(Stored entries)
>>>

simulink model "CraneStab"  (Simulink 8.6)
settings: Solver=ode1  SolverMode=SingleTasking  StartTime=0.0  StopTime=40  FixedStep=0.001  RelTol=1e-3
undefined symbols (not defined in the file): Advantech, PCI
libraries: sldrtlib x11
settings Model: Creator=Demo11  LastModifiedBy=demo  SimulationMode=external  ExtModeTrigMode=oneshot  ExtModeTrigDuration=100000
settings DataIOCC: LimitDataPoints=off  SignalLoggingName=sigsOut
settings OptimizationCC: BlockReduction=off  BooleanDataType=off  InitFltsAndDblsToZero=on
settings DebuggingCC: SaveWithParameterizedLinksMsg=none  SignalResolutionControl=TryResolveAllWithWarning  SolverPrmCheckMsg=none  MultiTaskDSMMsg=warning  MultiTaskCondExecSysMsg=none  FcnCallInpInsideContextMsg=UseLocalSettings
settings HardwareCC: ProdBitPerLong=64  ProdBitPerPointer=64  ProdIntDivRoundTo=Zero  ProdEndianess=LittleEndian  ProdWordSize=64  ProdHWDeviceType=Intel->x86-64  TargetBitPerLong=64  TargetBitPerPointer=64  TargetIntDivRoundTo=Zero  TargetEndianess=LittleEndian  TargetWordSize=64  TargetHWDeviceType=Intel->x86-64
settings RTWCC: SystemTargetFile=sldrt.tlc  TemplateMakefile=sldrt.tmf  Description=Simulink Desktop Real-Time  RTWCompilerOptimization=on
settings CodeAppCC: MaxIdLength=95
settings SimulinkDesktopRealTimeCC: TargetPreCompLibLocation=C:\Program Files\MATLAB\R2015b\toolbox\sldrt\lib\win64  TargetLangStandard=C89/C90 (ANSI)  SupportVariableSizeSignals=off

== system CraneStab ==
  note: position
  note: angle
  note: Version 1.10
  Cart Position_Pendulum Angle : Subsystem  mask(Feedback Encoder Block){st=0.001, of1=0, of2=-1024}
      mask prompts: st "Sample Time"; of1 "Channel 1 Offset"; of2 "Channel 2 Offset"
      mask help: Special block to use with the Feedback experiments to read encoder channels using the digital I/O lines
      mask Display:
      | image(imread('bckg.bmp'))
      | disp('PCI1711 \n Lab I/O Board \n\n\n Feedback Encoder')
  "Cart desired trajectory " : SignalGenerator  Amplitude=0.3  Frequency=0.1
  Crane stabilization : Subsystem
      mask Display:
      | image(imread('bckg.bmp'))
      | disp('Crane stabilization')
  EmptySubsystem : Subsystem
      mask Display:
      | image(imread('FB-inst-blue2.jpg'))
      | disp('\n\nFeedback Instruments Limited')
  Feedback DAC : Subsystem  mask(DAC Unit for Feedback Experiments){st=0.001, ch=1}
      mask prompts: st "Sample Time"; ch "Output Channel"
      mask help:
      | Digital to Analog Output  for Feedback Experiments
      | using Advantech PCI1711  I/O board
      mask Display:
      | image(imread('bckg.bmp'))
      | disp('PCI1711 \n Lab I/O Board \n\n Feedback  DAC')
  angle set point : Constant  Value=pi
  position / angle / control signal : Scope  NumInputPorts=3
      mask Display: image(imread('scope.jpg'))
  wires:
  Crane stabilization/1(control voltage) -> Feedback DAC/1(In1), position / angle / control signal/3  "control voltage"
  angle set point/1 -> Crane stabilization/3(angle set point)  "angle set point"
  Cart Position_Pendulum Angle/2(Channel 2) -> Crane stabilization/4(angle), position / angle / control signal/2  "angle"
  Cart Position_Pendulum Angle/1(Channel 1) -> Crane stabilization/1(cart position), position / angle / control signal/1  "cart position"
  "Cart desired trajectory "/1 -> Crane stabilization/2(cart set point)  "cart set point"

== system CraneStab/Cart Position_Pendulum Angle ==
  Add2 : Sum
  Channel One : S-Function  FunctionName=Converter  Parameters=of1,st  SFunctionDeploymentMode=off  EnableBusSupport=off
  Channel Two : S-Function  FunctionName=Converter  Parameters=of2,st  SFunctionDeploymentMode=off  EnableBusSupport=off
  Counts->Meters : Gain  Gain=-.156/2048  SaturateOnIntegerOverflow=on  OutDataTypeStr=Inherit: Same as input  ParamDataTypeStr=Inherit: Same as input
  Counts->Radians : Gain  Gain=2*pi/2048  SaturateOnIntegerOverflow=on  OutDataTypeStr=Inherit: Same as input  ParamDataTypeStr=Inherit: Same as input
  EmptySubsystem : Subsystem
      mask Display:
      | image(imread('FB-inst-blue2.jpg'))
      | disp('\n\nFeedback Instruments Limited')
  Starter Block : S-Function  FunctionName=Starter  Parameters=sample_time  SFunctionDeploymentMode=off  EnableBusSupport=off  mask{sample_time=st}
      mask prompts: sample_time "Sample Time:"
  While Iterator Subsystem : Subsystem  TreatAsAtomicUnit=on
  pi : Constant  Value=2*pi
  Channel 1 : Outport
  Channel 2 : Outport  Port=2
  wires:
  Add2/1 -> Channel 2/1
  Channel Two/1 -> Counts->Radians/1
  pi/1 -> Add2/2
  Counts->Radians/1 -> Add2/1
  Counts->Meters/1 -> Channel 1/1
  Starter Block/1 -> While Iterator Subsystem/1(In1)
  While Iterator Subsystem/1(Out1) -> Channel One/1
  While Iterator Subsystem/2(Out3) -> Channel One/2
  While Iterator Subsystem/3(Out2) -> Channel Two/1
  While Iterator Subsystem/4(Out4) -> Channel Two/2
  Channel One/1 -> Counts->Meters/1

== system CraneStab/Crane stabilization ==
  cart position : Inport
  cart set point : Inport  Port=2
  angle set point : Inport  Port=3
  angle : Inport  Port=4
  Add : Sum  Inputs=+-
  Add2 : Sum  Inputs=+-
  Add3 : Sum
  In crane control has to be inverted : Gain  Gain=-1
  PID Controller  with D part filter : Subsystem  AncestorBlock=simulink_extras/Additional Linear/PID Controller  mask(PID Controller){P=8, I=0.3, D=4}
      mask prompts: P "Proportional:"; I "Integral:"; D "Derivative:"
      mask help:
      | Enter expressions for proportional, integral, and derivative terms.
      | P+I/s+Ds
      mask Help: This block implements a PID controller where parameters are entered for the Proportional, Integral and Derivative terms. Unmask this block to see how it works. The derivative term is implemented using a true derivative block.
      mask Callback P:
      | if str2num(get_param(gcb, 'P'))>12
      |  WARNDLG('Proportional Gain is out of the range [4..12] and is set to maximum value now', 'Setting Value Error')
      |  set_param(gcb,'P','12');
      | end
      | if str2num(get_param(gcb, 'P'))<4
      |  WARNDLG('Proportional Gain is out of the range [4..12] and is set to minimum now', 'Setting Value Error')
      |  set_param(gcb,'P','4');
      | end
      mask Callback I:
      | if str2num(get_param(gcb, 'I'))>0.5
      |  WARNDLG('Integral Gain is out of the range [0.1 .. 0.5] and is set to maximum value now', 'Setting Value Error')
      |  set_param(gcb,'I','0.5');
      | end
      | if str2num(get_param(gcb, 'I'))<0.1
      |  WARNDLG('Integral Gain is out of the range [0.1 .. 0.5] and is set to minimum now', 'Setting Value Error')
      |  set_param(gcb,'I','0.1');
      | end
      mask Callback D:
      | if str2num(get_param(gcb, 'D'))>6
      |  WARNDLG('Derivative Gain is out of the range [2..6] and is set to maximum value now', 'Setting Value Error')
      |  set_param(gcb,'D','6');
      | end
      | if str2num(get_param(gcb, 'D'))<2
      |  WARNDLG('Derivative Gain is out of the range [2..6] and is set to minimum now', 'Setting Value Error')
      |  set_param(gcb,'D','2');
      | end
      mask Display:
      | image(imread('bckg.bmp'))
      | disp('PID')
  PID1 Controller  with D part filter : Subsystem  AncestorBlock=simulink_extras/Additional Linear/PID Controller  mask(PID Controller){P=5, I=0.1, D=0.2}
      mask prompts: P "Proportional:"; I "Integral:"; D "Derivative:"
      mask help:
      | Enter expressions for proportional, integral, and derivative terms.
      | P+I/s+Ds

<<<

▸ **Task prompt**
Show every line above in which the word "SFunctionDeploymentMode" occurs.

▸ **Task response**
  Channel One : S-Function  FunctionName=Converter  Parameters=of1,st  SFunctionDeploymentMode=off  EnableBusSupport=off
  Channel Two : S-Function  FunctionName=Converter  Parameters=of2,st  SFunctionDeploymentMode=off  EnableBusSupport=off
  Starter Block : S-Function  FunctionName=Starter  Parameters=sample_time  SFunctionDeploymentMode=off  EnableBusSupport=off  mask{sample_time=st}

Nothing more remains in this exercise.